## [EXERCISE DETAILS]
Only certain lines below are wanted: those starting at the line containing "#16=DIRECTION('',(0.,0.,1.));" and ending at the line containing "#32=ORIENTED_EDGE('',*,*,#31,.F.);", both included, each retyped exactly.

Dataset records
• • •

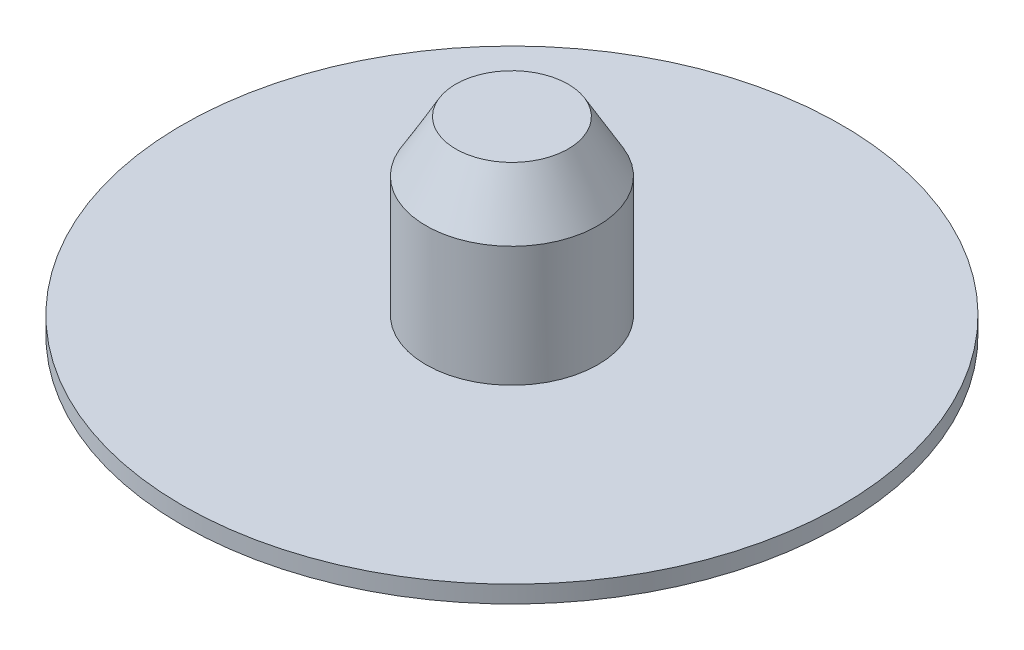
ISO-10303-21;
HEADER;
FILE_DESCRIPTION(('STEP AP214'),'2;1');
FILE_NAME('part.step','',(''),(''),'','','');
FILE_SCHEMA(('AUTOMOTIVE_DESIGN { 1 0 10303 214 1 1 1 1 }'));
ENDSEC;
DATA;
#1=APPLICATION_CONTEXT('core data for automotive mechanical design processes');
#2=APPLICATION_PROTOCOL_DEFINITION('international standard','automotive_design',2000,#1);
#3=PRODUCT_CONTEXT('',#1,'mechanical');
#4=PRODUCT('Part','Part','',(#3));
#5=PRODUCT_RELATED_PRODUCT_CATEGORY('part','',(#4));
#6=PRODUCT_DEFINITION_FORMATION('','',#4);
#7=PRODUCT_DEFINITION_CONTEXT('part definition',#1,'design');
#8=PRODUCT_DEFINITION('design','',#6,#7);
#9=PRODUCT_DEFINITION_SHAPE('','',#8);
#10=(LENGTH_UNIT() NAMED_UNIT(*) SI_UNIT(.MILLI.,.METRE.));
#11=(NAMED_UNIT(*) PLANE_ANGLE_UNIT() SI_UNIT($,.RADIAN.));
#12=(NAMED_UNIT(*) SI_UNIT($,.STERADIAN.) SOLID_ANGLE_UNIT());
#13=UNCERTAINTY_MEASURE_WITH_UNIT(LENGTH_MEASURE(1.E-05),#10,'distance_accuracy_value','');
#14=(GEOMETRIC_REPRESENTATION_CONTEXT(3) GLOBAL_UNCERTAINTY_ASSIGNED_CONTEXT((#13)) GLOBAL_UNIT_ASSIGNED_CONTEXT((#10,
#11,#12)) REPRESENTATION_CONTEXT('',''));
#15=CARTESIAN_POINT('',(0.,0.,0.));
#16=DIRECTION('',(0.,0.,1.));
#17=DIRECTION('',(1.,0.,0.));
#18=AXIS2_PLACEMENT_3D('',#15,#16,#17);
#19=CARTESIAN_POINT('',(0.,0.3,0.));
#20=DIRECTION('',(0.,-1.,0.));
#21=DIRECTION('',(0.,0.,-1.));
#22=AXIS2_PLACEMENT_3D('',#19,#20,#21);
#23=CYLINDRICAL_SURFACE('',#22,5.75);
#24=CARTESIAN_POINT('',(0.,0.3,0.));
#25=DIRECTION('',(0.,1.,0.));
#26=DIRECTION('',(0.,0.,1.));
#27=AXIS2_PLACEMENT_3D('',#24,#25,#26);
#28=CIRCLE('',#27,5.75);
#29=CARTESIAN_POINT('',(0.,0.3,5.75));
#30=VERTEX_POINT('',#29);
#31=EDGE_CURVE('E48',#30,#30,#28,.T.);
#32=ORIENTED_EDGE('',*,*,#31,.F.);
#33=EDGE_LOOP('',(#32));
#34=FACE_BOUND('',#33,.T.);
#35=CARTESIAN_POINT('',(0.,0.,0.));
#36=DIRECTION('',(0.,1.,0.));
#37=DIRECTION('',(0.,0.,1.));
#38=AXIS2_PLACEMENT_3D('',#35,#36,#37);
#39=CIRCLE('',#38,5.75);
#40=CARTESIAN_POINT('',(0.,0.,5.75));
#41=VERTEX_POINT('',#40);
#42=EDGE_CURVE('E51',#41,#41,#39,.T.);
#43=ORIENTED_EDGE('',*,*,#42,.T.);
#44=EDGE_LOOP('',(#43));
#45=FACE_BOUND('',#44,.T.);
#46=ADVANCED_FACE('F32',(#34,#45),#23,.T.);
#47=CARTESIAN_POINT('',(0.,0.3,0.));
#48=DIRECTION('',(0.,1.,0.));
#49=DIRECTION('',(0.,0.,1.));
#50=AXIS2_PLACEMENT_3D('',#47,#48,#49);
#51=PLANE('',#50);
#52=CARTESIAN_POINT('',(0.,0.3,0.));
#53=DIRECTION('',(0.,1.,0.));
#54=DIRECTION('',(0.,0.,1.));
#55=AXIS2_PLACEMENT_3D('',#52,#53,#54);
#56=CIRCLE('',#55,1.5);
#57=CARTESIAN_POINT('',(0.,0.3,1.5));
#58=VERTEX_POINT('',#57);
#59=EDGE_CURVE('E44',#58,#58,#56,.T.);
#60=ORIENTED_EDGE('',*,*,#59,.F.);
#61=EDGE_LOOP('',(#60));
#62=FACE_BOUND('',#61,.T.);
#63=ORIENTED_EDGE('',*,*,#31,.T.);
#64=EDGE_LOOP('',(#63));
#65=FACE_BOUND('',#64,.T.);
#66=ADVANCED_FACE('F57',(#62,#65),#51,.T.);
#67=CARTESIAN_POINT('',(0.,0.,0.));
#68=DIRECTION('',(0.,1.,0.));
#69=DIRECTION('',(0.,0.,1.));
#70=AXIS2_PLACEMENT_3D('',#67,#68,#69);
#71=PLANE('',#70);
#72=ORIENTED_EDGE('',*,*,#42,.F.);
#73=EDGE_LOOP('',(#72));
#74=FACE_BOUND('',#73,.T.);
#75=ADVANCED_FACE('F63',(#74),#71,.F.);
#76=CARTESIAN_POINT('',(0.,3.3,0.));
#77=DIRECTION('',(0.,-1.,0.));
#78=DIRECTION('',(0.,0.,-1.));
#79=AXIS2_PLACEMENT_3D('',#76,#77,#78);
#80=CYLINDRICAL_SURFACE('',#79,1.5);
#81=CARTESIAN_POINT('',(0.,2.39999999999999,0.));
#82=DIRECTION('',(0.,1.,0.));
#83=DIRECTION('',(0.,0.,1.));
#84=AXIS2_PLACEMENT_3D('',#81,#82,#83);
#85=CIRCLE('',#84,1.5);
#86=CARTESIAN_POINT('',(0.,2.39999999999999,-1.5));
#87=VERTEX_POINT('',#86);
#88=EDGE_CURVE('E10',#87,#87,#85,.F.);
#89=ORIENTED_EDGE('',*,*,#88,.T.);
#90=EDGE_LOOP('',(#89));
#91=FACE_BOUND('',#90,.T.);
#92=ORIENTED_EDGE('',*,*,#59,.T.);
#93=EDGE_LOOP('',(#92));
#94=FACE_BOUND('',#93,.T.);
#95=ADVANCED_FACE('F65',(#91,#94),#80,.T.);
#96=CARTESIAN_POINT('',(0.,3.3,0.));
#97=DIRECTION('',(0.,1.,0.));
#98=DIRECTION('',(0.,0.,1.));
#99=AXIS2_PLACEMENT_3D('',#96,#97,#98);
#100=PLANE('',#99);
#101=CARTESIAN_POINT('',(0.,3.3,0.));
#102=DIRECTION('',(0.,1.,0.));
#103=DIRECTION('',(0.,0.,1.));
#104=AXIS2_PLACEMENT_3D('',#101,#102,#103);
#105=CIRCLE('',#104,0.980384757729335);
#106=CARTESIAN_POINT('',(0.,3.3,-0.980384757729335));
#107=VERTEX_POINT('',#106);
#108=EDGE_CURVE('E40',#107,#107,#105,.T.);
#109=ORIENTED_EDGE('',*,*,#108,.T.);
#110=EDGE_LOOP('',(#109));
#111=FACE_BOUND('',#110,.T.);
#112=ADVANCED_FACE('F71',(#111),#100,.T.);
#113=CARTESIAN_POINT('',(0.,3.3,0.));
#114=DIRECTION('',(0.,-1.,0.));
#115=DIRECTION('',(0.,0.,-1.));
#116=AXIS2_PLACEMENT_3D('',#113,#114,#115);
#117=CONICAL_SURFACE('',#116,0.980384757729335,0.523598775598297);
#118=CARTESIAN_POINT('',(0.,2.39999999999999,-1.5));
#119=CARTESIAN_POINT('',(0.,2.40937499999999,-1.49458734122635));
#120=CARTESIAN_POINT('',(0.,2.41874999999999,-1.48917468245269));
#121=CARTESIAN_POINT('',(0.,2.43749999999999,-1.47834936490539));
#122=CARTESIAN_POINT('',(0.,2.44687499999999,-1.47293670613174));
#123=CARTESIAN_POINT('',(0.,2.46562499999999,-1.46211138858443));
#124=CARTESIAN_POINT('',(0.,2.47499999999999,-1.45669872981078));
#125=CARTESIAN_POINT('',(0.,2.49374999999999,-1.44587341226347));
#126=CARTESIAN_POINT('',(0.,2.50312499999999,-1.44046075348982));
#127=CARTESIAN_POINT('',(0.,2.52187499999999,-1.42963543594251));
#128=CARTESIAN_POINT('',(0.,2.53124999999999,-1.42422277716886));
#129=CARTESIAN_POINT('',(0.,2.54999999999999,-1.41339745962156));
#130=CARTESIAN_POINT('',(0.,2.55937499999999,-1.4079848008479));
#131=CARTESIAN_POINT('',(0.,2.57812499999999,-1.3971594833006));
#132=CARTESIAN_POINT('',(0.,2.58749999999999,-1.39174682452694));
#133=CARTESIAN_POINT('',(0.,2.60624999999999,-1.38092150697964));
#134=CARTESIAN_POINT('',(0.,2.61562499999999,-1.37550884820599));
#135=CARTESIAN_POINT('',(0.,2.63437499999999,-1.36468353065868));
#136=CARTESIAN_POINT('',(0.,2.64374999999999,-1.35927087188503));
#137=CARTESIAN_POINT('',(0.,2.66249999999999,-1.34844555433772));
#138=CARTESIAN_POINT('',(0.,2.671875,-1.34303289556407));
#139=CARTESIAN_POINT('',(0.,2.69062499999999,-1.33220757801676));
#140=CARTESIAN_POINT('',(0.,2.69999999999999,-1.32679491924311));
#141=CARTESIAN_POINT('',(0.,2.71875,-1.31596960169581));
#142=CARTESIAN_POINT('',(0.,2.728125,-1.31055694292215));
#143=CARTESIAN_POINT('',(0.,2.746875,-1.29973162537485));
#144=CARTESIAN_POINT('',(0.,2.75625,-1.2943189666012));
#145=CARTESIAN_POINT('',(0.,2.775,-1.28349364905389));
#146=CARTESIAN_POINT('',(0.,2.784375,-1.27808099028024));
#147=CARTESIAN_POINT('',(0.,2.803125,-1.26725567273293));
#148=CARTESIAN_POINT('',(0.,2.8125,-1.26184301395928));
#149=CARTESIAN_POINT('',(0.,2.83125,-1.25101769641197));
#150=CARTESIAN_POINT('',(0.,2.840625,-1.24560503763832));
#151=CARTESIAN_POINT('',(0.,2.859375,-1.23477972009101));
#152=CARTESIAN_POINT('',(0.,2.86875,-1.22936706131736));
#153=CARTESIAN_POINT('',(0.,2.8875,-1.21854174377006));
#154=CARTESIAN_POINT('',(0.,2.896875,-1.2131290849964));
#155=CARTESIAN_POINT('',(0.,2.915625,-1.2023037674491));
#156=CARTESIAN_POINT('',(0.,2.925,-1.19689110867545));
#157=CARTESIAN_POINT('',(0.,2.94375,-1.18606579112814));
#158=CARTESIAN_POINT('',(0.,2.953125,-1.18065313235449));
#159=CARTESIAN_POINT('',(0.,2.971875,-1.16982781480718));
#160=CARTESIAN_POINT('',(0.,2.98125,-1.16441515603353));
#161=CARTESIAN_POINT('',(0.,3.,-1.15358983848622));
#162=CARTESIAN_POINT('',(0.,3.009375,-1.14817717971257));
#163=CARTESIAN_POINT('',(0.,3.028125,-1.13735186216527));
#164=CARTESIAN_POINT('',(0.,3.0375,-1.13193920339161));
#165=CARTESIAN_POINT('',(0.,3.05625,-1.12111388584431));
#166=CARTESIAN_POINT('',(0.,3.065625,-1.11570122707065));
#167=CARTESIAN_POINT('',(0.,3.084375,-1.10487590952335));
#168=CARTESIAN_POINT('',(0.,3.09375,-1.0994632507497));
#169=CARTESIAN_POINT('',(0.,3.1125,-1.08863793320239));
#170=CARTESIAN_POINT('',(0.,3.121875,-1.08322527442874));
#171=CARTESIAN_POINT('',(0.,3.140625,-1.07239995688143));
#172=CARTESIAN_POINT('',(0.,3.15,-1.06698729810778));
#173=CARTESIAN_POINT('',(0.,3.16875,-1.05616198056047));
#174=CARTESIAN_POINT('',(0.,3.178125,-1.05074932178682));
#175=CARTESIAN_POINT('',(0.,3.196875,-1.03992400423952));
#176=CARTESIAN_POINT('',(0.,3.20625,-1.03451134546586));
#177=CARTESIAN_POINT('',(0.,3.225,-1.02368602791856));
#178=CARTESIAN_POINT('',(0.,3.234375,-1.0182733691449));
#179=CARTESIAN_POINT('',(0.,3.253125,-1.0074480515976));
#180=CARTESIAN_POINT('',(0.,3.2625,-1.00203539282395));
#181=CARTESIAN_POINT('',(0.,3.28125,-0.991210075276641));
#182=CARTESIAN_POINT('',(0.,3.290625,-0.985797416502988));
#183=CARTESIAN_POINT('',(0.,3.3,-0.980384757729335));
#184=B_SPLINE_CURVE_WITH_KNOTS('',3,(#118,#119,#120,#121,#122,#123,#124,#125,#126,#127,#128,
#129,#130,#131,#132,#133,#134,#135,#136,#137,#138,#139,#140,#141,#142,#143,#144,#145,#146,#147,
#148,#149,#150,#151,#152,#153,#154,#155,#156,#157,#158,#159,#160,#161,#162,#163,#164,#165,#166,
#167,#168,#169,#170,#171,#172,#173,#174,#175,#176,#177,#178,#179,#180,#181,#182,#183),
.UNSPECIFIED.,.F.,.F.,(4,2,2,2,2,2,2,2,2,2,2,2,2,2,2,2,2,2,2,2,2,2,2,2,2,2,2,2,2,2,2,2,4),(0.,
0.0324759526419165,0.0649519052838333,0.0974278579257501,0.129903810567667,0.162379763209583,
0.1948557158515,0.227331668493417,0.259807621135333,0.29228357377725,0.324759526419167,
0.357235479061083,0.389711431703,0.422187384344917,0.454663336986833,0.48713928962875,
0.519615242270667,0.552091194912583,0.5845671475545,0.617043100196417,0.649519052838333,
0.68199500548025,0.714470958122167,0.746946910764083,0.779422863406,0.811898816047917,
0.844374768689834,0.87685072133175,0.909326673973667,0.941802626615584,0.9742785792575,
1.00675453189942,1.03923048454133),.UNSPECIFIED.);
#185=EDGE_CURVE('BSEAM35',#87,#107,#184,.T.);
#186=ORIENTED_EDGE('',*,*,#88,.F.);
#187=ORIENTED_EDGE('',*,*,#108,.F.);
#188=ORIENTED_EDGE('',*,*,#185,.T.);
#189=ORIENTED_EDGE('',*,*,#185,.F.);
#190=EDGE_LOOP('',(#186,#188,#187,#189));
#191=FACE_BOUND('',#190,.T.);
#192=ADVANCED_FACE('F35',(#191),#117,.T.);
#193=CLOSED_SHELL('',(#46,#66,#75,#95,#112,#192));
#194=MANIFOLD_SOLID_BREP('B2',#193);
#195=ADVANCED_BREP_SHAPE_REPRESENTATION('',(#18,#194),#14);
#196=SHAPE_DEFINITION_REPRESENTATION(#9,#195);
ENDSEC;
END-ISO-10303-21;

• • •

## [EXERCISE SOLUTION]
#16=DIRECTION('',(0.,0.,1.));
#17=DIRECTION('',(1.,0.,0.));
#18=AXIS2_PLACEMENT_3D('',#15,#16,#17);
#19=CARTESIAN_POINT('',(0.,0.3,0.));
#20=DIRECTION('',(0.,-1.,0.));
#21=DIRECTION('',(0.,0.,-1.));
#22=AXIS2_PLACEMENT_3D('',#19,#20,#21);
#23=CYLINDRICAL_SURFACE('',#22,5.75);
#24=CARTESIAN_POINT('',(0.,0.3,0.));
#25=DIRECTION('',(0.,1.,0.));
#26=DIRECTION('',(0.,0.,1.));
#27=AXIS2_PLACEMENT_3D('',#24,#25,#26);
#28=CIRCLE('',#27,5.75);
#29=CARTESIAN_POINT('',(0.,0.3,5.75));
#30=VERTEX_POINT('',#29);
#31=EDGE_CURVE('E48',#30,#30,#28,.T.);
#32=ORIENTED_EDGE('',*,*,#31,.F.);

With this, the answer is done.